** Opening MATERIAL FOR THIS TASK block **
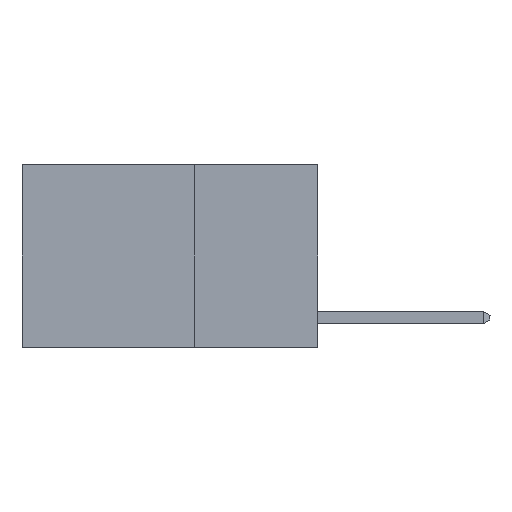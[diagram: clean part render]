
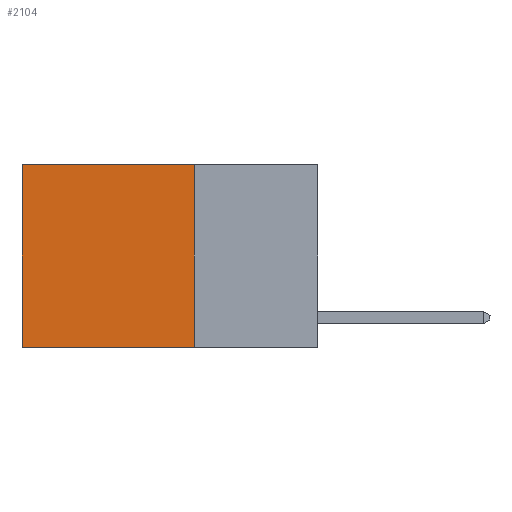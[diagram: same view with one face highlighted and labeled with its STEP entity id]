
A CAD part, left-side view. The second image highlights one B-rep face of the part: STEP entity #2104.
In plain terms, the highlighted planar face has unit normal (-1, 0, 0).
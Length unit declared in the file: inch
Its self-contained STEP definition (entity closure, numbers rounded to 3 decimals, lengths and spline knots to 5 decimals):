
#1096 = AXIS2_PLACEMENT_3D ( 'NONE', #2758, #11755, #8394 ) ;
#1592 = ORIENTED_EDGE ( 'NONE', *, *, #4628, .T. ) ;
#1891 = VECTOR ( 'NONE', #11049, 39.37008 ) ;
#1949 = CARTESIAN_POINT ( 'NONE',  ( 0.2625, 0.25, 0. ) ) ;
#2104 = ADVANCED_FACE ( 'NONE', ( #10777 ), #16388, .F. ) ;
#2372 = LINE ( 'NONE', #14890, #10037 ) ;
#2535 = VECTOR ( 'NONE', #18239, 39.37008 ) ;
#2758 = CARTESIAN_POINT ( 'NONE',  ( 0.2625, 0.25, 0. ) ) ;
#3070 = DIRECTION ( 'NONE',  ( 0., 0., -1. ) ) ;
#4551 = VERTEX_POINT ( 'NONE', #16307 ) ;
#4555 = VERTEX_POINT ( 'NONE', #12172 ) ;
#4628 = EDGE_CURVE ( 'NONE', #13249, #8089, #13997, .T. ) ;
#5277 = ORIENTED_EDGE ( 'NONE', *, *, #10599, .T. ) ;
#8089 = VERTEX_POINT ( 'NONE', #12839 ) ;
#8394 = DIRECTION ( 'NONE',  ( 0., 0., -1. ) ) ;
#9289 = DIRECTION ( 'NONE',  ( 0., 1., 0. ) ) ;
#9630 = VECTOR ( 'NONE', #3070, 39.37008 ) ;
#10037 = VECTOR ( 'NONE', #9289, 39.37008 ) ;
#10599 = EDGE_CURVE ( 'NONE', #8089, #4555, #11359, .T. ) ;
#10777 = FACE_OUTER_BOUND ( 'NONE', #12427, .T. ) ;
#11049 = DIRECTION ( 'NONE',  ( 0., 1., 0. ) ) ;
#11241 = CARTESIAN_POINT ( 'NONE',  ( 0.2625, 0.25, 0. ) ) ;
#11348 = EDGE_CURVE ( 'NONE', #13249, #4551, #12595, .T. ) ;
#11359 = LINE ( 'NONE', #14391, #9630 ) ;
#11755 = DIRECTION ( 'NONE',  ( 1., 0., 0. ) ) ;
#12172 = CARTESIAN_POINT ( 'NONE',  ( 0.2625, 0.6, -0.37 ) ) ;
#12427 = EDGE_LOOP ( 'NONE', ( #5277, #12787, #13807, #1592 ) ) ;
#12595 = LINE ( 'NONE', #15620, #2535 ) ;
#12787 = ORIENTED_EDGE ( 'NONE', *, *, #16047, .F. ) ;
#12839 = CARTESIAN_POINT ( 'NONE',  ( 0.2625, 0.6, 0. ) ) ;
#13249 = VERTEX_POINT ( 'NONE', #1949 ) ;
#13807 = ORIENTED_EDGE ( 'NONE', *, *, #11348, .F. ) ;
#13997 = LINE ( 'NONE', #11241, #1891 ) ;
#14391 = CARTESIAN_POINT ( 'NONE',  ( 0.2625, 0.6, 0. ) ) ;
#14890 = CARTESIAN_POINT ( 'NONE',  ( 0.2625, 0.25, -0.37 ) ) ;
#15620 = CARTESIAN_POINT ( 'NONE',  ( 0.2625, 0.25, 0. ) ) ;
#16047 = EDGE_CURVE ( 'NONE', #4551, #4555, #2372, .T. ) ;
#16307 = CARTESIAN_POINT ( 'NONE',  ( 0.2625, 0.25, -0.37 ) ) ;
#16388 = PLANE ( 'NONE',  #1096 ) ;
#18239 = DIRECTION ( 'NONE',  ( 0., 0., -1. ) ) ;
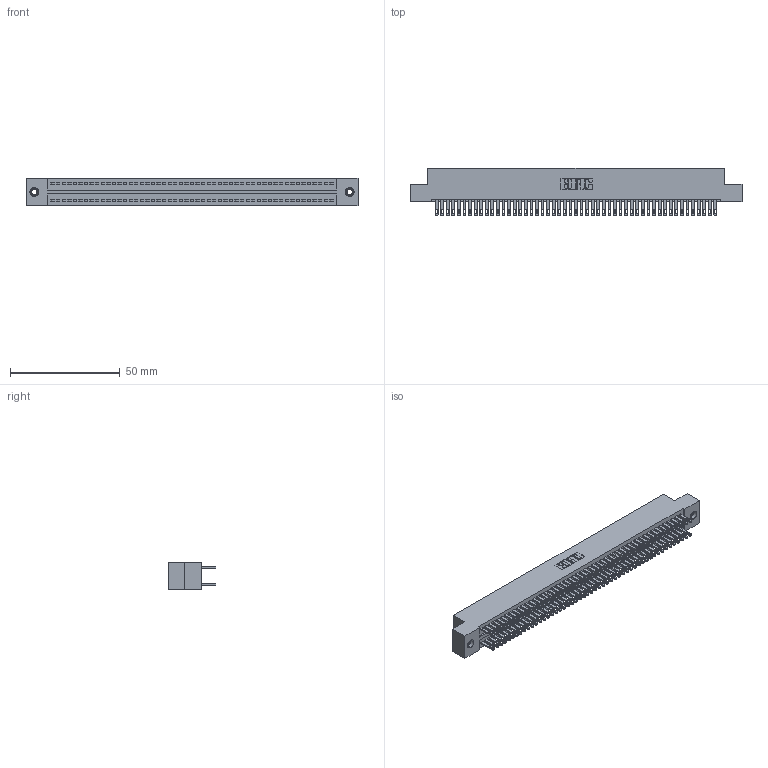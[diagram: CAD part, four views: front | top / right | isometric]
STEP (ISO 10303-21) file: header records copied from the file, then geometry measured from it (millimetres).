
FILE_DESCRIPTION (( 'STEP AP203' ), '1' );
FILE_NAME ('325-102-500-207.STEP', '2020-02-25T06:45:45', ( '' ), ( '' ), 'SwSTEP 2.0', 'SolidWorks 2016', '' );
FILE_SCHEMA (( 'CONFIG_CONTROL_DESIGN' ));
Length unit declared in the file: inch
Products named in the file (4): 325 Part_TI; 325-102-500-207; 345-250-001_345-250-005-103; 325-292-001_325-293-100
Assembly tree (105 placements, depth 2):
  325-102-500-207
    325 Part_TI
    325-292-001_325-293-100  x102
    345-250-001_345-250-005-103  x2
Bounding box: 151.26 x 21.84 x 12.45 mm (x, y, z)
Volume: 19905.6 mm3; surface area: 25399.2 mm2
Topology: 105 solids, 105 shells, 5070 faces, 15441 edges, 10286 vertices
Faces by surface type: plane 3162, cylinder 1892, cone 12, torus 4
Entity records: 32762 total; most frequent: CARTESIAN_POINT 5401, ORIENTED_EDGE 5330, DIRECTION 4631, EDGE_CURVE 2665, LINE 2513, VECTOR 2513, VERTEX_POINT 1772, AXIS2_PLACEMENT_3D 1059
** Closing MATERIAL FOR THIS TASK block **
▶ _PROBLEM REQUIREMENTS_
Write out the records shown above exactly, but do not include any images.

▶ _FINAL ANSWER_
[diagram: clean part render]
[diagram: same view with one face highlighted and labeled with its STEP entity id]
A CAD part, left-side view. The second image highlights one B-rep face of the part: STEP entity #2104.
In plain terms, the highlighted planar face has unit normal (-1, 0, 0).
Length unit declared in the file: inch
Its self-contained STEP definition (entity closure, numbers rounded to 3 decimals, lengths and spline knots to 5 decimals):
#1096 = AXIS2_PLACEMENT_3D ( 'NONE', #2758, #11755, #8394 ) ;
#1592 = ORIENTED_EDGE ( 'NONE', *, *, #4628, .T. ) ;
#1891 = VECTOR ( 'NONE', #11049, 39.37008 ) ;
#1949 = CARTESIAN_POINT ( 'NONE',  ( 0.2625, 0.25, 0. ) ) ;
#2104 = ADVANCED_FACE ( 'NONE', ( #10777 ), #16388, .F. ) ;
#2372 = LINE ( 'NONE', #14890, #10037 ) ;
#2535 = VECTOR ( 'NONE', #18239, 39.37008 ) ;
#2758 = CARTESIAN_POINT ( 'NONE',  ( 0.2625, 0.25, 0. ) ) ;
#3070 = DIRECTION ( 'NONE',  ( 0., 0., -1. ) ) ;
#4551 = VERTEX_POINT ( 'NONE', #16307 ) ;
#4555 = VERTEX_POINT ( 'NONE', #12172 ) ;
#4628 = EDGE_CURVE ( 'NONE', #13249, #8089, #13997, .T. ) ;
#5277 = ORIENTED_EDGE ( 'NONE', *, *, #10599, .T. ) ;
#8089 = VERTEX_POINT ( 'NONE', #12839 ) ;
#8394 = DIRECTION ( 'NONE',  ( 0., 0., -1. ) ) ;
#9289 = DIRECTION ( 'NONE',  ( 0., 1., 0. ) ) ;
#9630 = VECTOR ( 'NONE', #3070, 39.37008 ) ;
#10037 = VECTOR ( 'NONE', #9289, 39.37008 ) ;
#10599 = EDGE_CURVE ( 'NONE', #8089, #4555, #11359, .T. ) ;
#10777 = FACE_OUTER_BOUND ( 'NONE', #12427, .T. ) ;
#11049 = DIRECTION ( 'NONE',  ( 0., 1., 0. ) ) ;
#11241 = CARTESIAN_POINT ( 'NONE',  ( 0.2625, 0.25, 0. ) ) ;
#11348 = EDGE_CURVE ( 'NONE', #13249, #4551, #12595, .T. ) ;
#11359 = LINE ( 'NONE', #14391, #9630 ) ;
#11755 = DIRECTION ( 'NONE',  ( 1., 0., 0. ) ) ;
#12172 = CARTESIAN_POINT ( 'NONE',  ( 0.2625, 0.6, -0.37 ) ) ;
#12427 = EDGE_LOOP ( 'NONE', ( #5277, #12787, #13807, #1592 ) ) ;
#12595 = LINE ( 'NONE', #15620, #2535 ) ;
#12787 = ORIENTED_EDGE ( 'NONE', *, *, #16047, .F. ) ;
#12839 = CARTESIAN_POINT ( 'NONE',  ( 0.2625, 0.6, 0. ) ) ;
#13249 = VERTEX_POINT ( 'NONE', #1949 ) ;
#13807 = ORIENTED_EDGE ( 'NONE', *, *, #11348, .F. ) ;
#13997 = LINE ( 'NONE', #11241, #1891 ) ;
#14391 = CARTESIAN_POINT ( 'NONE',  ( 0.2625, 0.6, 0. ) ) ;
#14890 = CARTESIAN_POINT ( 'NONE',  ( 0.2625, 0.25, -0.37 ) ) ;
#15620 = CARTESIAN_POINT ( 'NONE',  ( 0.2625, 0.25, 0. ) ) ;
#16047 = EDGE_CURVE ( 'NONE', #4551, #4555, #2372, .T. ) ;
#16307 = CARTESIAN_POINT ( 'NONE',  ( 0.2625, 0.25, -0.37 ) ) ;
#16388 = PLANE ( 'NONE',  #1096 ) ;
#18239 = DIRECTION ( 'NONE',  ( 0., 0., -1. ) ) ;
[diagram: CAD part, four views: front | top / right | isometric]
STEP (ISO 10303-21) file: header records copied from the file, then geometry measured from it (millimetres).
FILE_DESCRIPTION (( 'STEP AP203' ), '1' );
FILE_NAME ('325-102-500-207.STEP', '2020-02-25T06:45:45', ( '' ), ( '' ), 'SwSTEP 2.0', 'SolidWorks 2016', '' );
FILE_SCHEMA (( 'CONFIG_CONTROL_DESIGN' ));
Length unit declared in the file: inch
Products named in the file (4): 325 Part_TI; 325-102-500-207; 345-250-001_345-250-005-103; 325-292-001_325-293-100
Assembly tree (105 placements, depth 2):
  325-102-500-207
    325 Part_TI
    325-292-001_325-293-100  x102
    345-250-001_345-250-005-103  x2
Bounding box: 151.26 x 21.84 x 12.45 mm (x, y, z)
Volume: 19905.6 mm3; surface area: 25399.2 mm2
Topology: 105 solids, 105 shells, 5070 faces, 15441 edges, 10286 vertices
Faces by surface type: plane 3162, cylinder 1892, cone 12, torus 4
Entity records: 32762 total; most frequent: CARTESIAN_POINT 5401, ORIENTED_EDGE 5330, DIRECTION 4631, EDGE_CURVE 2665, LINE 2513, VECTOR 2513, VERTEX_POINT 1772, AXIS2_PLACEMENT_3D 1059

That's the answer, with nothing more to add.